=== REQUIREMENT ===
Would you please output, word for word, the span of the listing below that opens on the line containing "line L14 (-3, 10) -> (-3, 8)" and closes on the line containing "line L39 (-8, 3) -> (-8, 6)"? Include both ends and nothing more.

=== DATASET ===
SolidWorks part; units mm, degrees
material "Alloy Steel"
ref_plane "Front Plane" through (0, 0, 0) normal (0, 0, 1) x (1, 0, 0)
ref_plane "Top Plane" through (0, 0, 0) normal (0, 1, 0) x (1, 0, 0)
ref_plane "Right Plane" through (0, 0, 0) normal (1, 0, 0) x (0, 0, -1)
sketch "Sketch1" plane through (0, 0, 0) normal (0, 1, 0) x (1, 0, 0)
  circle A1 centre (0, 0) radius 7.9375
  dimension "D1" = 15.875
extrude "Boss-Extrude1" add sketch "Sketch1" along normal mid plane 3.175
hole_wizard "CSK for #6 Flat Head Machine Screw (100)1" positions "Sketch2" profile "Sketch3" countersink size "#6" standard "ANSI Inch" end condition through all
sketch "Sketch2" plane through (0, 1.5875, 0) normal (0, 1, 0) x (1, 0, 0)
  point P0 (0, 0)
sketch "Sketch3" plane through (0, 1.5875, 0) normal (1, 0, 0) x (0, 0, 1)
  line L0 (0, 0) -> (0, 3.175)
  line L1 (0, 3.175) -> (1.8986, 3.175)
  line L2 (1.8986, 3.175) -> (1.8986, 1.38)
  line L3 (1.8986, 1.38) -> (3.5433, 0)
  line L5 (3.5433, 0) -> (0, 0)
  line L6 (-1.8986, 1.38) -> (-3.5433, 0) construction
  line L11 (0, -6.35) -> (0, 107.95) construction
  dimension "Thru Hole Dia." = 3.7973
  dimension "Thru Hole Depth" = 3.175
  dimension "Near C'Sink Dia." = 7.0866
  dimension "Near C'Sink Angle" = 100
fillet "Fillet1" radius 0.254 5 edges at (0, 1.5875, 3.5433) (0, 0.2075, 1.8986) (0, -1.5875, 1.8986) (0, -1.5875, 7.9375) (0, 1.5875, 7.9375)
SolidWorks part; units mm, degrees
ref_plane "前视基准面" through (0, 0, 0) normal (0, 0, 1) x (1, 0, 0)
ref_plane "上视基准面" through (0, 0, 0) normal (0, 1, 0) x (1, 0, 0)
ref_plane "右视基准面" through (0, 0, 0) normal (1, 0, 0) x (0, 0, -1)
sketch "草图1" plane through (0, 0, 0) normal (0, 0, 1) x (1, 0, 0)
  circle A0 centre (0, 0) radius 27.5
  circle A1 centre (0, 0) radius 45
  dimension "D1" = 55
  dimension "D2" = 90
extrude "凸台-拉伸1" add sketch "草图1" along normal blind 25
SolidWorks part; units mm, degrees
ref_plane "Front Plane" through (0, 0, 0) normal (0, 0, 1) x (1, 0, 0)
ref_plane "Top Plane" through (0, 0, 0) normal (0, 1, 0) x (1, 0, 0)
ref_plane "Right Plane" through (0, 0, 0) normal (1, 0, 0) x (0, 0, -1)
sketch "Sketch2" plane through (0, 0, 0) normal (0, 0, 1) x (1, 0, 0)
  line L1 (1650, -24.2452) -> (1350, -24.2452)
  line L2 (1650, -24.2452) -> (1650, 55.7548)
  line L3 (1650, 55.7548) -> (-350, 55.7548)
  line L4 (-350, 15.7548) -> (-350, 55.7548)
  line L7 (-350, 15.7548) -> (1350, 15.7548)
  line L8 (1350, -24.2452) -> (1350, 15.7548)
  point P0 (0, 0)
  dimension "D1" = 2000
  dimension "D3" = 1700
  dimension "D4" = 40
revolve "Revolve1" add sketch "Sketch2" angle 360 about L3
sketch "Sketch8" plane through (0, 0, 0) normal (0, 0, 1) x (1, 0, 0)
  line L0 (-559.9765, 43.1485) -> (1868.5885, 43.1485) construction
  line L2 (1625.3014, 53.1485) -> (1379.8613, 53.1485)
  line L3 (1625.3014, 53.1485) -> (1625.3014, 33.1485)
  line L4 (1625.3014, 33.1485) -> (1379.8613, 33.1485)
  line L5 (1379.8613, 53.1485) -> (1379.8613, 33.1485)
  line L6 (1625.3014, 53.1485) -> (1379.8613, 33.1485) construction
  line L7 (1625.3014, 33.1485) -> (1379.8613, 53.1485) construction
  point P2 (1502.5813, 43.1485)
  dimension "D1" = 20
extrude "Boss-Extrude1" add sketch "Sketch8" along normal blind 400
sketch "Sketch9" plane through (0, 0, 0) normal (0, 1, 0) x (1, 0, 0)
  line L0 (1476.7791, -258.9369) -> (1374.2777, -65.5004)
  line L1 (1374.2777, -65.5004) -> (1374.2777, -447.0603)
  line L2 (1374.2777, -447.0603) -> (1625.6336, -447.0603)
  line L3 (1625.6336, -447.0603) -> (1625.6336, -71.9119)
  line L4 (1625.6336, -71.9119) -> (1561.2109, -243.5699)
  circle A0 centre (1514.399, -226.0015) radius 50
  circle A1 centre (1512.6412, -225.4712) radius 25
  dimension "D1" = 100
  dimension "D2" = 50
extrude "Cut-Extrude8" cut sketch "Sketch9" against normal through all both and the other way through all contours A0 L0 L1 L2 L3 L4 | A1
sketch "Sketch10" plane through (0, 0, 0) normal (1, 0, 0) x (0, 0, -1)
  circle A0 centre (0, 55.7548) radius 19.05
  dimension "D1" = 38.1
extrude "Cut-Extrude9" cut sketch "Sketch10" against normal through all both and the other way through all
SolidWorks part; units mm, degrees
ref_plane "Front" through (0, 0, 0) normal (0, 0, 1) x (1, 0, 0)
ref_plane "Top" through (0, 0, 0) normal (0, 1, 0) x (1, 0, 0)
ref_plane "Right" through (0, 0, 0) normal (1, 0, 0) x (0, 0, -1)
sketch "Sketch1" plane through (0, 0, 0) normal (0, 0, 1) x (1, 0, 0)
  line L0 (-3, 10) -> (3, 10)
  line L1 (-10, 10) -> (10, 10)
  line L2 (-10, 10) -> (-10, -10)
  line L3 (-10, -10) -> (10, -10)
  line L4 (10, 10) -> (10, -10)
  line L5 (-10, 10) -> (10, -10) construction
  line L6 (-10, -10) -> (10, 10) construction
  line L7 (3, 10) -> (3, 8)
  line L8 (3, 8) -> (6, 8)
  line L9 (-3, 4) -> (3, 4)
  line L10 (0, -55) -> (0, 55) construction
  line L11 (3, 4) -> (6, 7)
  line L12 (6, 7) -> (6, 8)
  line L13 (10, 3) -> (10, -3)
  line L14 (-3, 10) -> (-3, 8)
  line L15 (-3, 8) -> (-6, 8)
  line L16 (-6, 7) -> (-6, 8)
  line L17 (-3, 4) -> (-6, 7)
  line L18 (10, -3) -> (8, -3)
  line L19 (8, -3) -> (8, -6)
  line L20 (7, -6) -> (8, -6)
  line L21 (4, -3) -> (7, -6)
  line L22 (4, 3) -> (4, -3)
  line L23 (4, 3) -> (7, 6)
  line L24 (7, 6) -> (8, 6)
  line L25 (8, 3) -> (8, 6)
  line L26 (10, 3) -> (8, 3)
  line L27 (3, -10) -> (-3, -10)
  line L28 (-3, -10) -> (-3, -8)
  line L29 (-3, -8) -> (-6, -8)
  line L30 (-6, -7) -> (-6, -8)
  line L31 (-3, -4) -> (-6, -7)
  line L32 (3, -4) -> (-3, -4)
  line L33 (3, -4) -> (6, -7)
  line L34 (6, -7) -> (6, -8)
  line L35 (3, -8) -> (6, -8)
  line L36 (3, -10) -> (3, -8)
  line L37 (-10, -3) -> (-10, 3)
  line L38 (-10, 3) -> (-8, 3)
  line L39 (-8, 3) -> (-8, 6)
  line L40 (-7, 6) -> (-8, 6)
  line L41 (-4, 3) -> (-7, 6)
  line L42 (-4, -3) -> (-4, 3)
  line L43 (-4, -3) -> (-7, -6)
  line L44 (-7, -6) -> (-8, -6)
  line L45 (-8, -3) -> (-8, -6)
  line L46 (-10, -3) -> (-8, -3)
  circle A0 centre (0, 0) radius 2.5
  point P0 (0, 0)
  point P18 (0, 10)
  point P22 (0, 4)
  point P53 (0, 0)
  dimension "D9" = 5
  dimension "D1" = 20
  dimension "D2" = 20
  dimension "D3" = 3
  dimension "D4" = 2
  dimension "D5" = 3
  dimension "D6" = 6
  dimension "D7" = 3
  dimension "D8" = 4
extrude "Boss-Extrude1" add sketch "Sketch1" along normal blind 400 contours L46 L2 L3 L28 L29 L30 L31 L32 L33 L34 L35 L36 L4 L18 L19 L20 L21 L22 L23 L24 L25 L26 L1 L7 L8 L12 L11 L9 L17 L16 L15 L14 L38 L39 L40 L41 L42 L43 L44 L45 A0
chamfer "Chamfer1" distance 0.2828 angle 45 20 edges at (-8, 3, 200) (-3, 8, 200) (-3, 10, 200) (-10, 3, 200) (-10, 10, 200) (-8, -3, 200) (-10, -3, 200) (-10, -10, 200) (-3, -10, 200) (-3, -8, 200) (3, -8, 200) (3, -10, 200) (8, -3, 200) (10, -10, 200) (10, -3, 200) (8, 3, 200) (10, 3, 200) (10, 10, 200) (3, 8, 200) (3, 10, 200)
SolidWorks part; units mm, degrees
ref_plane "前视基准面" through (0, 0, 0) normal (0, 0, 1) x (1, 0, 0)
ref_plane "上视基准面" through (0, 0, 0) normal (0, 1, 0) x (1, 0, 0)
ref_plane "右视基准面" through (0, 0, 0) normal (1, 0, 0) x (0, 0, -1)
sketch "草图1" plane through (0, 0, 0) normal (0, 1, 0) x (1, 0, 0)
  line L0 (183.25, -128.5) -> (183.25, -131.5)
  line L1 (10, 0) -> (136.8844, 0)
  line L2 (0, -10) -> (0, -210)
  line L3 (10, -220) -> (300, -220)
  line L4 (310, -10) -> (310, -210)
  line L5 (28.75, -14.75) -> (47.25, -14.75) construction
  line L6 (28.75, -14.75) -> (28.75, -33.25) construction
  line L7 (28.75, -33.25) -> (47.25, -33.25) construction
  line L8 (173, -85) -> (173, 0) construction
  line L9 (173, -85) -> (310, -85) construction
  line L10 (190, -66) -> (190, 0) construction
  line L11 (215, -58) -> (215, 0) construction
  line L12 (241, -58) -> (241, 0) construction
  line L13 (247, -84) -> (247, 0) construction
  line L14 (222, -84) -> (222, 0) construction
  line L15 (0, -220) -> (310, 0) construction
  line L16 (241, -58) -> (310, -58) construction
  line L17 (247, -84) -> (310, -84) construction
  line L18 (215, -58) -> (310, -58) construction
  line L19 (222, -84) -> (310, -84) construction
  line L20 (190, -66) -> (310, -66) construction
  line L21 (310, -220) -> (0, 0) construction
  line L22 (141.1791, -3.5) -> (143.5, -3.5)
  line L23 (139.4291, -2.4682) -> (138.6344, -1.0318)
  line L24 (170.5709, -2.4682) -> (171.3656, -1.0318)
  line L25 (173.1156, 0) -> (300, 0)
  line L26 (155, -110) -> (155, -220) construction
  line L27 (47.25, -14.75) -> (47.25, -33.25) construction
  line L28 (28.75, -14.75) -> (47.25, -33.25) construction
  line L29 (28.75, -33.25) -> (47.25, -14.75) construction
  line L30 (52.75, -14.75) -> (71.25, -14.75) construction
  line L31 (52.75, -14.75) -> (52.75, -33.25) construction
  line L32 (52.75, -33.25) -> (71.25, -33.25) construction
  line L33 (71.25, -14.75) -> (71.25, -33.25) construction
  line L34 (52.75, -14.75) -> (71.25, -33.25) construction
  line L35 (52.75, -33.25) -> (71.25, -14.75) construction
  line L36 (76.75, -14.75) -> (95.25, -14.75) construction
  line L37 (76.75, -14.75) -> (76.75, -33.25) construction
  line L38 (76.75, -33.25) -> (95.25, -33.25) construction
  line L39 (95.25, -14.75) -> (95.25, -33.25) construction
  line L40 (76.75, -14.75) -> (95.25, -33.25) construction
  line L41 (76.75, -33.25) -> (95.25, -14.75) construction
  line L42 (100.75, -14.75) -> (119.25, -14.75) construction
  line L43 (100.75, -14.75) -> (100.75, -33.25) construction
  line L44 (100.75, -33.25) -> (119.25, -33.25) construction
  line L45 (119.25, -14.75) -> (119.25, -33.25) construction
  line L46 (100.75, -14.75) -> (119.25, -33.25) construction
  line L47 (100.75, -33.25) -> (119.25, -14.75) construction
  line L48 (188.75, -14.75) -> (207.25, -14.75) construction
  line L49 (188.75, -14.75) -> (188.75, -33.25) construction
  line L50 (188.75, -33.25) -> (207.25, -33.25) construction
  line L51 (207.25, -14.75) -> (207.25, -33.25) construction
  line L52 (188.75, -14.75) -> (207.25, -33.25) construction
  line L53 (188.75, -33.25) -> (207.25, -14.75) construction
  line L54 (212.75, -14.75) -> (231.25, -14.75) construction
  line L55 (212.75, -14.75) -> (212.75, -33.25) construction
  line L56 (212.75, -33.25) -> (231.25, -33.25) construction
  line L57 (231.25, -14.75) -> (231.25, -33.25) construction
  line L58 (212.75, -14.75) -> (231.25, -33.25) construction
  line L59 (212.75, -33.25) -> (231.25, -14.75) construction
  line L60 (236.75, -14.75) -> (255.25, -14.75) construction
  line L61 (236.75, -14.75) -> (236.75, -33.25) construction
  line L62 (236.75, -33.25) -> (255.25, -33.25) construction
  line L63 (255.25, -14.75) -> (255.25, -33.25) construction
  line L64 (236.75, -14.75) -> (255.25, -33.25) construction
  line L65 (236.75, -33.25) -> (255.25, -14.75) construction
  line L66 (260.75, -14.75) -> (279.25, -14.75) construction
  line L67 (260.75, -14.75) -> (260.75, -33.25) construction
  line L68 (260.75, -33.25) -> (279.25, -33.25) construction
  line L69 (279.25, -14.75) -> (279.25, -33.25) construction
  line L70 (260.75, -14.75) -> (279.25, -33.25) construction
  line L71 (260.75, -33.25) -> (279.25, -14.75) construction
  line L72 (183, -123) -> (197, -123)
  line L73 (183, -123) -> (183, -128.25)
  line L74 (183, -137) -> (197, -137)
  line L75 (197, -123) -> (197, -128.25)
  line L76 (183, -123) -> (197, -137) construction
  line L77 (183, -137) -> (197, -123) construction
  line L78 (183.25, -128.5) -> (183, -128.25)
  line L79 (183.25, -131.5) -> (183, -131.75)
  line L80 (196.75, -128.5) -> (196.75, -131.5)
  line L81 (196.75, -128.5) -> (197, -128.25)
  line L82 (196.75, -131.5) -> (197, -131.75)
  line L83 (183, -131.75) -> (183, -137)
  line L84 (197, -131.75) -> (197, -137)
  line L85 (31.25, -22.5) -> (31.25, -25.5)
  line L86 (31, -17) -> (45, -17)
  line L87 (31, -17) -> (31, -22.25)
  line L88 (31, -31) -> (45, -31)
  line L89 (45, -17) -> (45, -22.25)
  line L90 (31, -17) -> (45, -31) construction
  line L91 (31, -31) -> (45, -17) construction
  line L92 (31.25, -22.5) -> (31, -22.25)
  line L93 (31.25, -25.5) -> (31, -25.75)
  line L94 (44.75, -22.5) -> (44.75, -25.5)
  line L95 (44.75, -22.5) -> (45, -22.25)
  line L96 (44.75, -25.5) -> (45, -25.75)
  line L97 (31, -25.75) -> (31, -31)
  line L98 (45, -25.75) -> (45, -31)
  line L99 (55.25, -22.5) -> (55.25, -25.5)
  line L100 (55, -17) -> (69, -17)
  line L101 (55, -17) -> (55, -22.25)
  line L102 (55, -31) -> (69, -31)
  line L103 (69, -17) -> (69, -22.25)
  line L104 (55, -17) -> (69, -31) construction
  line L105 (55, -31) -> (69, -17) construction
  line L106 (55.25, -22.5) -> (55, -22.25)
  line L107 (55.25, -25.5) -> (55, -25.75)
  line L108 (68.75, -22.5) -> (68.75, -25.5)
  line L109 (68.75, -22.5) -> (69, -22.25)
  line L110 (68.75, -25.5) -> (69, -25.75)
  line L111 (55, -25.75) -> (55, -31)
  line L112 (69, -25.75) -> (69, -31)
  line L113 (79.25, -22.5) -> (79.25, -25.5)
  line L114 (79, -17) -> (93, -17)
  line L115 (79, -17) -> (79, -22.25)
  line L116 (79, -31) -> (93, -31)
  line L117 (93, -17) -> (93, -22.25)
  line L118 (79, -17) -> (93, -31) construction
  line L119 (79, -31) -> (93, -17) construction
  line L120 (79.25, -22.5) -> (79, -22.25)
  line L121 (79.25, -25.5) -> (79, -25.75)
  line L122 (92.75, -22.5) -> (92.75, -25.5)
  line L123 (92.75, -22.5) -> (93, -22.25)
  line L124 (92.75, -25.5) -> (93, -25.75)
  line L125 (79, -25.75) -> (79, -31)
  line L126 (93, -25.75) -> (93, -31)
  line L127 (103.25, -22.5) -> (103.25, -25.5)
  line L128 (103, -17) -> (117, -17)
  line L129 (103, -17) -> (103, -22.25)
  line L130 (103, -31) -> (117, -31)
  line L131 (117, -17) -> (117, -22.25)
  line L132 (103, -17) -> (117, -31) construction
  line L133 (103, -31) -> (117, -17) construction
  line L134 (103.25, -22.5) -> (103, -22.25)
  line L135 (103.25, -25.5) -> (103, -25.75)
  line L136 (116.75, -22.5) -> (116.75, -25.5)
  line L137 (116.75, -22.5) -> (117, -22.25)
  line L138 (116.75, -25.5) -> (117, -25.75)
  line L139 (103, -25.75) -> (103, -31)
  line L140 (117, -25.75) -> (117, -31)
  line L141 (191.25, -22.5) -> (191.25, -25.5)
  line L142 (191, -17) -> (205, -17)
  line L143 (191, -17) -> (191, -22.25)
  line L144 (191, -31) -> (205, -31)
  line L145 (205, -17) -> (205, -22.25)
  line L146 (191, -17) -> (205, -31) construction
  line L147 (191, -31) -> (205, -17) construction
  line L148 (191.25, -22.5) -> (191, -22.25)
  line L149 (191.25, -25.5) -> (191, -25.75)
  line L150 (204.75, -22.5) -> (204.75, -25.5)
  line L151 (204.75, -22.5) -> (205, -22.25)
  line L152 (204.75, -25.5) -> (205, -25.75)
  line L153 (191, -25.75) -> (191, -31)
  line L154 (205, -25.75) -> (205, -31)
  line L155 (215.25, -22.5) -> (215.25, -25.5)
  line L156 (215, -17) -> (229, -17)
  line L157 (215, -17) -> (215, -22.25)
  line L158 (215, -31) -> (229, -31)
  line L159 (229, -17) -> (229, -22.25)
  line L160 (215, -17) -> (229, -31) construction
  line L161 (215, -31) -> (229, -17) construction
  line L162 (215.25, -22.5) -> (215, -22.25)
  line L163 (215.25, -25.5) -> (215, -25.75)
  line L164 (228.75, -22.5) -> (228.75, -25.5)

=== RESPONSE FOR THIS EXERCISE ===
  line L14 (-3, 10) -> (-3, 8)
  line L15 (-3, 8) -> (-6, 8)
  line L16 (-6, 7) -> (-6, 8)
  line L17 (-3, 4) -> (-6, 7)
  line L18 (10, -3) -> (8, -3)
  line L19 (8, -3) -> (8, -6)
  line L20 (7, -6) -> (8, -6)
  line L21 (4, -3) -> (7, -6)
  line L22 (4, 3) -> (4, -3)
  line L23 (4, 3) -> (7, 6)
  line L24 (7, 6) -> (8, 6)
  line L25 (8, 3) -> (8, 6)
  line L26 (10, 3) -> (8, 3)
  line L27 (3, -10) -> (-3, -10)
  line L28 (-3, -10) -> (-3, -8)
  line L29 (-3, -8) -> (-6, -8)
  line L30 (-6, -7) -> (-6, -8)
  line L31 (-3, -4) -> (-6, -7)
  line L32 (3, -4) -> (-3, -4)
  line L33 (3, -4) -> (6, -7)
  line L34 (6, -7) -> (6, -8)
  line L35 (3, -8) -> (6, -8)
  line L36 (3, -10) -> (3, -8)
  line L37 (-10, -3) -> (-10, 3)
  line L38 (-10, 3) -> (-8, 3)
  line L39 (-8, 3) -> (-8, 6)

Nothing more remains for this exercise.